Looks like the girls version to a zep bike with those darts on the frame. BTW, if you part it out, i will never sell you another pre 1933 bike EVER!!! Not kidding. Come on Brian. Sell it complete. That's a great rare bike. Leave her be for the next hot chick to straddle and ride.


----------



## Bri-In-RI (Sep 3, 2013)

slick said:


> Looks like the girls version to a zep bike with those darts on the frame. BTW, if you part it out, i will never sell you another pre 1933 bike EVER!!! Not kidding. Come on Brian. Sell it complete. That's a great rare bike. Leave her be for the next hot chick to straddle and ride.

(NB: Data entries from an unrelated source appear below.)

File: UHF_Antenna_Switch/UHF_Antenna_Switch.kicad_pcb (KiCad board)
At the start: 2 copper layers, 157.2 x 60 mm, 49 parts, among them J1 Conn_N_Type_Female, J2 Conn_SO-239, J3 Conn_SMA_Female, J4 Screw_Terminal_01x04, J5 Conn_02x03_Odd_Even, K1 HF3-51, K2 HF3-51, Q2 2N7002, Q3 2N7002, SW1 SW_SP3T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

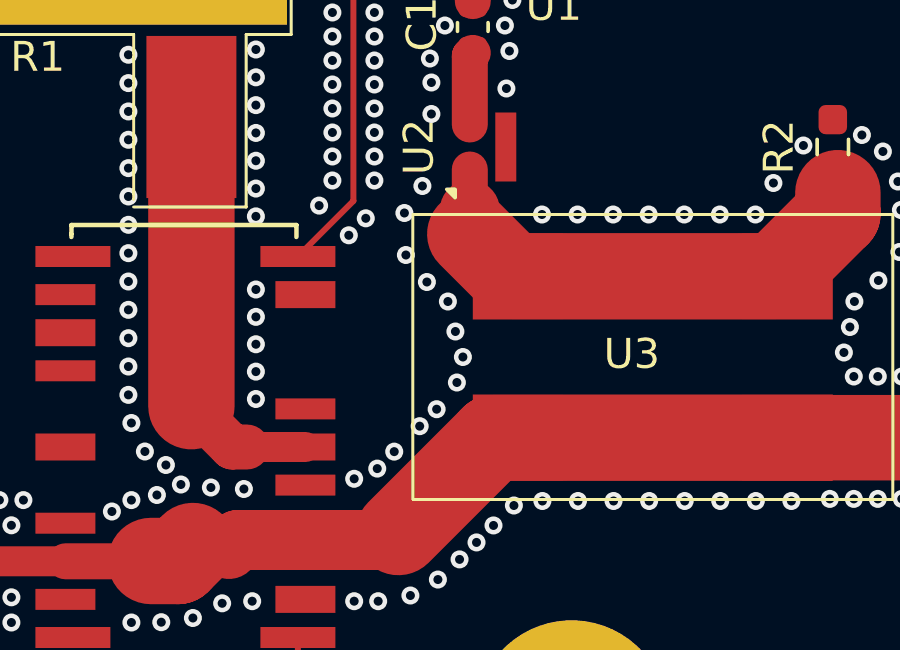
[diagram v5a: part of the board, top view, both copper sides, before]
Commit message: fix(pcb): DRC rule about intentional shorted nets in RF coupler
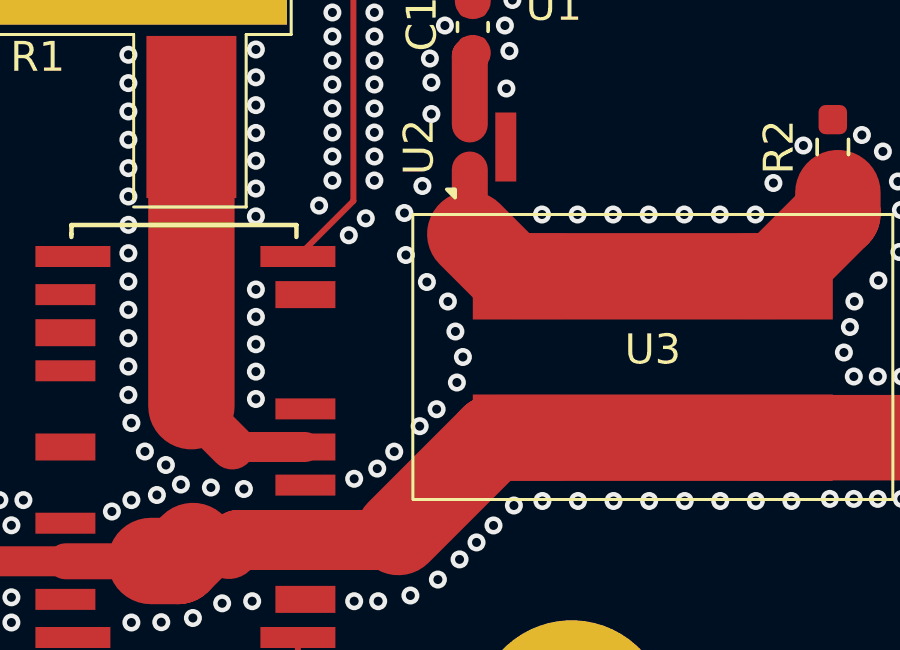
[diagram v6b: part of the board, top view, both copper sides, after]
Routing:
- net Net-(U3-COUPLED_OUT): track 8.22 -> 7.32 mm
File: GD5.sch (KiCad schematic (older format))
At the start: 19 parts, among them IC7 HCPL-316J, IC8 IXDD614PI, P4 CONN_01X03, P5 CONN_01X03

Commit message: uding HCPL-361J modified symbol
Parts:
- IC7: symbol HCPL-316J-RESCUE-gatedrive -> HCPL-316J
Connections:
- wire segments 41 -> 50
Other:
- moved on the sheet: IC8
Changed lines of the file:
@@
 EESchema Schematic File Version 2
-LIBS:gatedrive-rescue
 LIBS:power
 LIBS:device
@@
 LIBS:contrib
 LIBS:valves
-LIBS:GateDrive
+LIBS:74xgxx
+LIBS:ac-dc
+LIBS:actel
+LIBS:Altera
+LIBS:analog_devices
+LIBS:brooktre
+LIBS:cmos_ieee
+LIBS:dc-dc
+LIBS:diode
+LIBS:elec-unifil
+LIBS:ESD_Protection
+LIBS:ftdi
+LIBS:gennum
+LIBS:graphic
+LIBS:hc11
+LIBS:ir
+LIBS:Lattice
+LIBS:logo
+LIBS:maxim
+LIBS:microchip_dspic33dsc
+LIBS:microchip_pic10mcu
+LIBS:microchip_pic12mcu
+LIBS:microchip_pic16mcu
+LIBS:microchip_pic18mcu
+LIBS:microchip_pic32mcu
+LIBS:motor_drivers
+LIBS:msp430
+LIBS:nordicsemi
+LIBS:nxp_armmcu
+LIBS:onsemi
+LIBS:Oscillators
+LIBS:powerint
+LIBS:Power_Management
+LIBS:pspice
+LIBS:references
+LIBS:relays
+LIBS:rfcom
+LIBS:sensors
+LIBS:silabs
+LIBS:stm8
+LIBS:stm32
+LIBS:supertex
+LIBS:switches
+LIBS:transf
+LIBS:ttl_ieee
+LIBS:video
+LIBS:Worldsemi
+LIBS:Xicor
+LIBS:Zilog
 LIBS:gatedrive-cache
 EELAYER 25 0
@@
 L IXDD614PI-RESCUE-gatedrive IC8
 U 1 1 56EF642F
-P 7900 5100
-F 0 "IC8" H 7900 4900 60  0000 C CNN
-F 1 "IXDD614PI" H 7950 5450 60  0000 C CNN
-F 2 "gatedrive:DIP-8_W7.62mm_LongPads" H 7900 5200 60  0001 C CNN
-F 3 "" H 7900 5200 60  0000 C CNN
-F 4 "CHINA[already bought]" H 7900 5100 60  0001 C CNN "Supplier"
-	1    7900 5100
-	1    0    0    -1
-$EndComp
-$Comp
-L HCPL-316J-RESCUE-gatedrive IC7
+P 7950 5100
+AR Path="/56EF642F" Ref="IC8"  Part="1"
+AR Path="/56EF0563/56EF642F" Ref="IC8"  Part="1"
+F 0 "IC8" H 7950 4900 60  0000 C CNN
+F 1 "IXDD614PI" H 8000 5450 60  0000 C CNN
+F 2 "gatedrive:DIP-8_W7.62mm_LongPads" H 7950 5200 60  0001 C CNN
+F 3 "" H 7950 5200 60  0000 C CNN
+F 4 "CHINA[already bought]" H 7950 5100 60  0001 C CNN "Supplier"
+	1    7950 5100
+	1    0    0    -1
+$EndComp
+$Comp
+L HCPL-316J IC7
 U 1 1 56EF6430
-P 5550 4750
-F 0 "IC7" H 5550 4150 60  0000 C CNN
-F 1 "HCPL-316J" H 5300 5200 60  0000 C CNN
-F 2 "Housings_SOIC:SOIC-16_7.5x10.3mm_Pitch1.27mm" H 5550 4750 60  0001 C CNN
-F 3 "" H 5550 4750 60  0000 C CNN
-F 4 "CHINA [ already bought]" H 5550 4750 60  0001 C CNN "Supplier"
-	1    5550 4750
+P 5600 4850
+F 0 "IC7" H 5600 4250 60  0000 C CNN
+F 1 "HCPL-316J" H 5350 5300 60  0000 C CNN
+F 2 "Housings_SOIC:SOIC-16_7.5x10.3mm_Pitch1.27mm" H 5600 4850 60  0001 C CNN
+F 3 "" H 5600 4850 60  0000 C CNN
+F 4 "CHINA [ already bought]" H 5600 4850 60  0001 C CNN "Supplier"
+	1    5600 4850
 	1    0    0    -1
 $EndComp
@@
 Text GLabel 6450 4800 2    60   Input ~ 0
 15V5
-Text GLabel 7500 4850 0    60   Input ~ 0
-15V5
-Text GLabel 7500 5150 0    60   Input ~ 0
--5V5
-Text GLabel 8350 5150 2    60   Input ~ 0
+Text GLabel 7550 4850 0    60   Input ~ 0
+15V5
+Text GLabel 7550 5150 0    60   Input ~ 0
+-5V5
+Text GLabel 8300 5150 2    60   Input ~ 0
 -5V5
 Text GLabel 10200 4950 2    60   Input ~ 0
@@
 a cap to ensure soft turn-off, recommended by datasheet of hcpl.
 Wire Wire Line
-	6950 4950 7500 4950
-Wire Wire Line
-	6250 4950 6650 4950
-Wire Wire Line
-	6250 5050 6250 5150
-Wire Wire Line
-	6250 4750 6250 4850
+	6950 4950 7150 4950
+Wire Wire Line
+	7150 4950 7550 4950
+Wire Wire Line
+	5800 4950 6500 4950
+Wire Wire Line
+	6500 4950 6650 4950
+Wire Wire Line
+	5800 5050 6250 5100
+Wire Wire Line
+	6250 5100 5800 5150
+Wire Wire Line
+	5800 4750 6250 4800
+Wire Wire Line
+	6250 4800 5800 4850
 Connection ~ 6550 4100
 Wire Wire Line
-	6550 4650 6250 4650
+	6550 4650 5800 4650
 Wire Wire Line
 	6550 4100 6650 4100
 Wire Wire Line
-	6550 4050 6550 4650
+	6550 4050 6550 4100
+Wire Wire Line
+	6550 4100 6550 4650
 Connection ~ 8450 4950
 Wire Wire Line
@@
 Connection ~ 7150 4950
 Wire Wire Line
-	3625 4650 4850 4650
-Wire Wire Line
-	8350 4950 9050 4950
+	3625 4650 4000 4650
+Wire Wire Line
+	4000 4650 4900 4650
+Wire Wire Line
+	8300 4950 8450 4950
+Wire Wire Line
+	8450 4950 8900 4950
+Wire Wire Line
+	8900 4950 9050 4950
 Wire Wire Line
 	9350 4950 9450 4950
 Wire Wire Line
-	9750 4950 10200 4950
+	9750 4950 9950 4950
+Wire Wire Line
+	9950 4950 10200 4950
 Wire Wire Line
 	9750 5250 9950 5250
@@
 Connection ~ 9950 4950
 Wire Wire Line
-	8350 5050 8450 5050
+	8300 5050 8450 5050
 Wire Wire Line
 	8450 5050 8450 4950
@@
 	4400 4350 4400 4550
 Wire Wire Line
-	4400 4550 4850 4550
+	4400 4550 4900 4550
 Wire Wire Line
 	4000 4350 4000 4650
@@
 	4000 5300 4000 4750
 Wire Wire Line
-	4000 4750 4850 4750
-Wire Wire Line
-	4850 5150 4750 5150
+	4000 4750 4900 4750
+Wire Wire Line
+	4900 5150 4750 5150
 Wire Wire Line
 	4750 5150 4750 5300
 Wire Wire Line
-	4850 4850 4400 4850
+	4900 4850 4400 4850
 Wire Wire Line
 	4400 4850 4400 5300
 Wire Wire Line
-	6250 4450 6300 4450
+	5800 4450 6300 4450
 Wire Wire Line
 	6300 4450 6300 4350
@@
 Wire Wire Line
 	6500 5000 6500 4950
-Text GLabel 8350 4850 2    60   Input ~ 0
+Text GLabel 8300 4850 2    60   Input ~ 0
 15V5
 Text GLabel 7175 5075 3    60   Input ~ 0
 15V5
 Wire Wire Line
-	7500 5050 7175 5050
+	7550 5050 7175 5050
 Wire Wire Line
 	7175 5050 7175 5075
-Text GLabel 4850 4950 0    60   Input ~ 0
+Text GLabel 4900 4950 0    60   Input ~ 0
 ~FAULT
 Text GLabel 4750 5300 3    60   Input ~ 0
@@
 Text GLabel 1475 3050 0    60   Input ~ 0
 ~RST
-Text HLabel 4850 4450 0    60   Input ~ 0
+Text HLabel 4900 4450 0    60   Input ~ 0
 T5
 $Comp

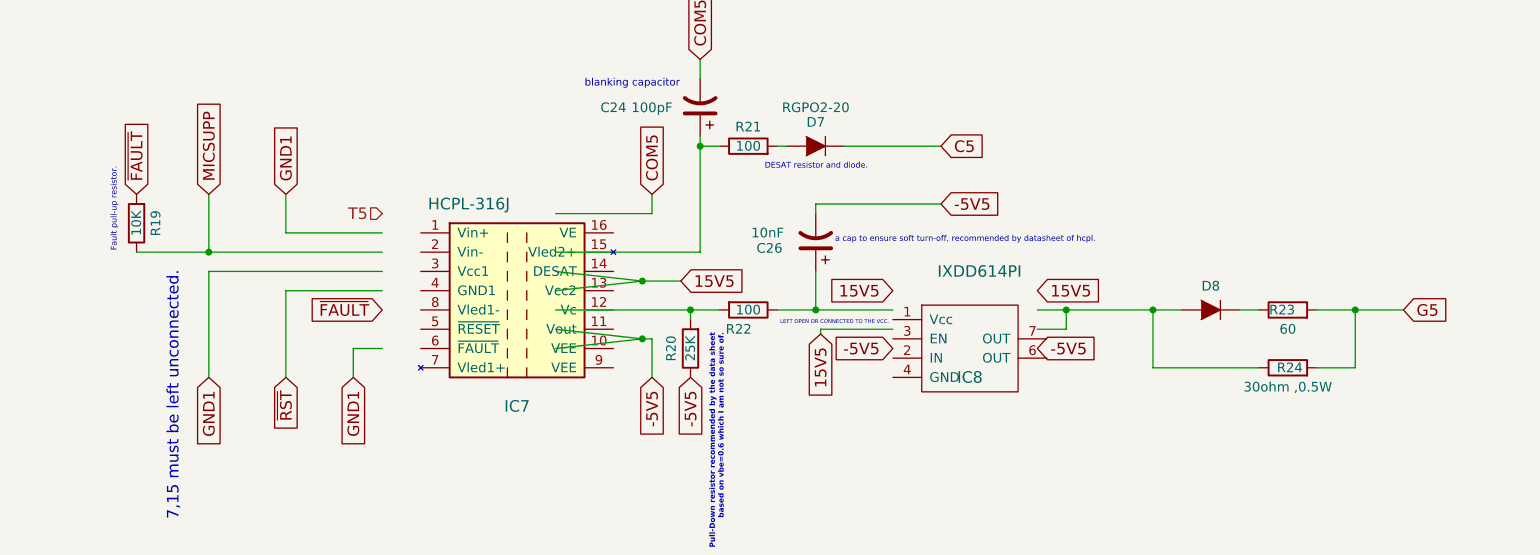
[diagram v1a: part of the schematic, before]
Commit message: cleaning the schematic
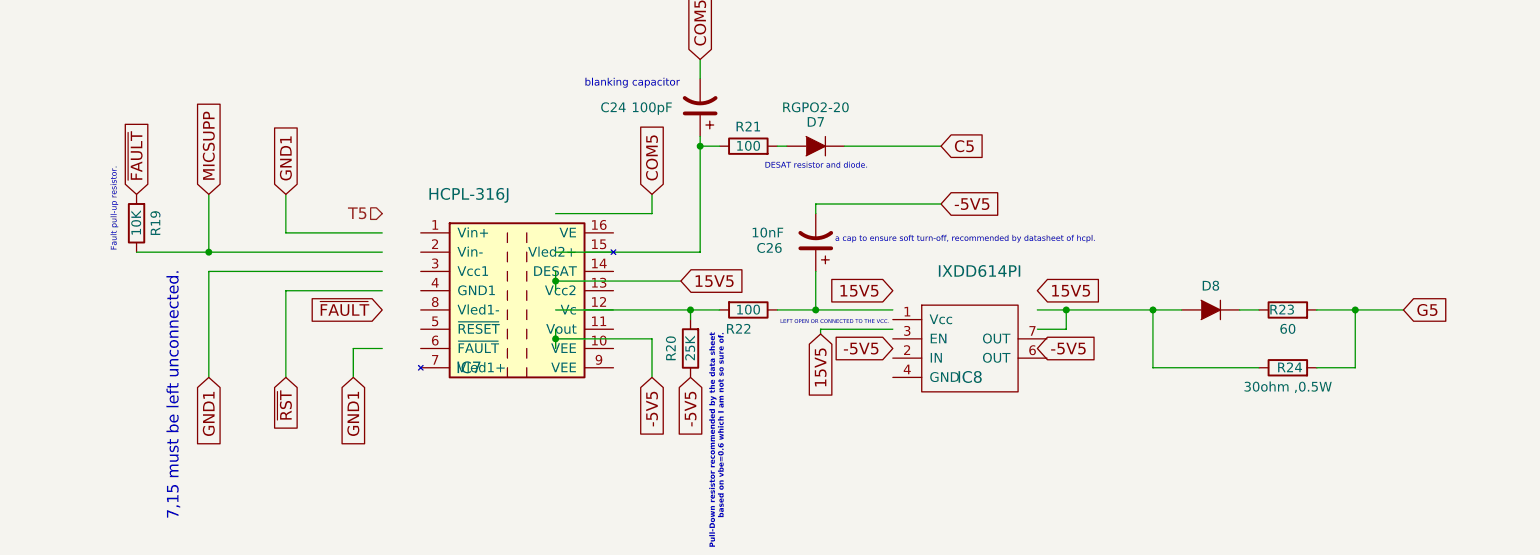
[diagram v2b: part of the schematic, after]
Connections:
- wire segments 50 -> 41
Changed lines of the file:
@@
 U 1 1 56EF6430
 P 5600 4850
-F 0 "IC7" H 5600 4250 60  0000 C CNN
-F 1 "HCPL-316J" H 5350 5300 60  0000 C CNN
+F 0 "IC7" H 5350 4450 60  0000 C CNN
+F 1 "HCPL-316J" H 5350 5350 60  0000 C CNN
 F 2 "Housings_SOIC:SOIC-16_7.5x10.3mm_Pitch1.27mm" H 5600 4850 60  0001 C CNN
 F 3 "" H 5600 4850 60  0000 C CNN
@@
 a cap to ensure soft turn-off, recommended by datasheet of hcpl.
 Wire Wire Line
-	6950 4950 7150 4950
-Wire Wire Line
-	7150 4950 7550 4950
-Wire Wire Line
-	5800 4950 6500 4950
-Wire Wire Line
-	6500 4950 6650 4950
-Wire Wire Line
-	5800 5050 6250 5100
-Wire Wire Line
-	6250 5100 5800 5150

No worries Chris, I have NEVER parted out a decent survivor bike and this one will be no different. I had a moment of frustration since the last couple of bikes I sold cheaply as completes got parted out right before my eyes for big bucks so I wanted to grab some of that $$$ for myself but alas...I just cant do it. There are 2 very nice members out in Cali interested in her complete so hopefully it will find its way out West and maybe partake in some of those rides y'all have out there.
-Brian


----------



## slick (Sep 3, 2013)

Bri-In-RI said:


> No worries Chris, I have NEVER parted out a decent survivor bike and this one will be no different. I had a moment of frustration since the last couple of bikes I sold cheaply as completes got parted out right before my eyes for big bucks so I wanted to grab some of that $$$ for myself but alas...I just cant do it. There are 2 very nice members out in Cali interested in her complete so hopefully it will find its way out West and maybe partake in some of those rides y'all have out there.
> -Brian





That's great to hear. I knew you wouldn't do it. Just sayin'. Well if they bail out....let me know. Like Karla needs another bike. HAHA!!! Maybe........


----------



## "B" (May 23, 2016)

Any word on this beauty's value? I have the same bicycle. 1939 Samsco Ambassador. Thanks in advance


----------